开始写了如下的代码:
import requests
req = requests.get("https://i.meizitu.net/2019/01/13d01.jpg")
#这个地址来源于复制“图片地址”
with open("C://Users//Administrator//Desktop//girl.jpg","wb") as f:
f.write(req.content)
发现桌面只创建了一个空文件。加入代码查找原因:
status_code = req.status_code
print("req.status_code:%d"%status_code)
>>>req.status_code:403
网站禁止了爬取访问。伪装一下:
import requests
header = {'User-Agent': 'Mozilla/5.0 (Windows NT 10.0; WOW64) AppleWebKit/537.36 (KHTML, like Gecko) Chrome/50.0.2661.102 UBrowser/6.1.2107.204 SafarMozilla/5.0 (Windows NT 6.1) AppleWebKit/537.36 (KHTML, like Gecko) Chrome/71.0.3578.98 Safari/537.36'}
req = requests.get("https://i.meizitu.net/2019/01/13d01.jpg",headers = header)

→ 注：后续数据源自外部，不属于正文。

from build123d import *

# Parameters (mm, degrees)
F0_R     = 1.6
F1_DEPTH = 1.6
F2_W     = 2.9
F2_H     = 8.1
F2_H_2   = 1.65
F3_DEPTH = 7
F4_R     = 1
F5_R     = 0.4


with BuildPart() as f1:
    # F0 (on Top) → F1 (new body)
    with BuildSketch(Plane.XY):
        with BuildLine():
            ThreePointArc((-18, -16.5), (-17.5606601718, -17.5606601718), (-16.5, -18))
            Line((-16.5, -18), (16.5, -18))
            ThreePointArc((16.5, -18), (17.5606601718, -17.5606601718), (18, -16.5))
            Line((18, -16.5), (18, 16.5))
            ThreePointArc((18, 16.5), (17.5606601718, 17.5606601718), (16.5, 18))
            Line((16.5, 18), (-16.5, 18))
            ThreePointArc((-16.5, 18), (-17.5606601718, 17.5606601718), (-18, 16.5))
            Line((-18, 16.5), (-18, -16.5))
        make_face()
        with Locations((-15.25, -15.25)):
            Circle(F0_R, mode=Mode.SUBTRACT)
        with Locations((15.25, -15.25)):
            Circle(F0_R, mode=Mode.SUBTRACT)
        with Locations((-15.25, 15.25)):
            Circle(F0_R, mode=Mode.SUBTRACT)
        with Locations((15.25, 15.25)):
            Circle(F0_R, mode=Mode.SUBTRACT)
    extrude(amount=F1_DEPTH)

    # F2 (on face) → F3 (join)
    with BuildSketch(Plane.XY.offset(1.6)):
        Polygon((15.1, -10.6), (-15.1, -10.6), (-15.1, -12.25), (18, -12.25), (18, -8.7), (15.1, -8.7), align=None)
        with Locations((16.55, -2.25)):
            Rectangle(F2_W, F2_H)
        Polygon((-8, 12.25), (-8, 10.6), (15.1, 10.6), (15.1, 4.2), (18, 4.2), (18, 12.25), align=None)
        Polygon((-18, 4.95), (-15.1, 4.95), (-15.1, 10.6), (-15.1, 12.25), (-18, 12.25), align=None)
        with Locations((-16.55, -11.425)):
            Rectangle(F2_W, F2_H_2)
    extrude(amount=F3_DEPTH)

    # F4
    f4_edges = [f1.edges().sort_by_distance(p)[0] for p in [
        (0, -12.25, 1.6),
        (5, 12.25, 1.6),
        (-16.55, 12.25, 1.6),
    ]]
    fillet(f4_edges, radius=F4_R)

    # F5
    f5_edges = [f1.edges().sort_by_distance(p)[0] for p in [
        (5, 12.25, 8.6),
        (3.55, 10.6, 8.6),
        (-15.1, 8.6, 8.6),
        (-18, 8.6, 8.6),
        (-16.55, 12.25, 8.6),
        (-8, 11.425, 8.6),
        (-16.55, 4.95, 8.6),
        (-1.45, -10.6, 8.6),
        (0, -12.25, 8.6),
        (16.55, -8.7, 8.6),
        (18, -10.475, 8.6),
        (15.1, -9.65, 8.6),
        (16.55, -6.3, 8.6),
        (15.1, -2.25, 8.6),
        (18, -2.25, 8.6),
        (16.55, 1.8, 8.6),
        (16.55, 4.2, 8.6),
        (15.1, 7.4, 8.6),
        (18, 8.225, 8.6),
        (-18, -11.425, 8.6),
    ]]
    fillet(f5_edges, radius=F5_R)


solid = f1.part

with open("C://Users//Administrator//Desktop//girl.jpg","wb") as f:
f.write(req.content)
还是不行,桌面仍然是空文件。查了资料发现还有Referer这个参数可以用于反爬虫。
那就把这个参数加进去,修改headers:
header = {'User-Agent': 'Mozilla/5.0 (Windows NT 10.0; WOW64) AppleWebKit/537.36 (KHTML, like Gecko) Chrome/50.0.2661.102 UBrowser/6.1.2107.204 SafarMozilla/5.0 (Windows NT 6.1) AppleWebKit/537.36 (KHTML, like Gecko) Chrome/71.0.3578.98 Safari/537.36',"Referer" : "http://www.mzitu.com/",'Host' : 'i.meizitu.net'}
#还可以设置host
运行下:
import requests
header = {'User-Agent': 'Mozilla/5.0 (Windows NT 10.0; WOW64) AppleWebKit/537.36 (KHTML, like Gecko) Chrome/50.0.2661.102 UBrowser/6.1.2107.204 SafarMozilla/5.0 (Windows NT 6.1) AppleWebKit/537.36 (KHTML, like Gecko) Chrome/71.0.3578.98 Safari/537.36',"Referer" : "http://www.mzitu.com/",'Host' : 'i.meizitu.net'}
req = requests.get("https://i.meizitu.net/2019/01/13d01.jpg",headers = header)
with open("C://Users//Administrator//Desktop//girl.jpg","wb") as f:
f.write(req.content)
成功了,girl已在桌面了。
自学速度好慢呐,这个问题搞了半天。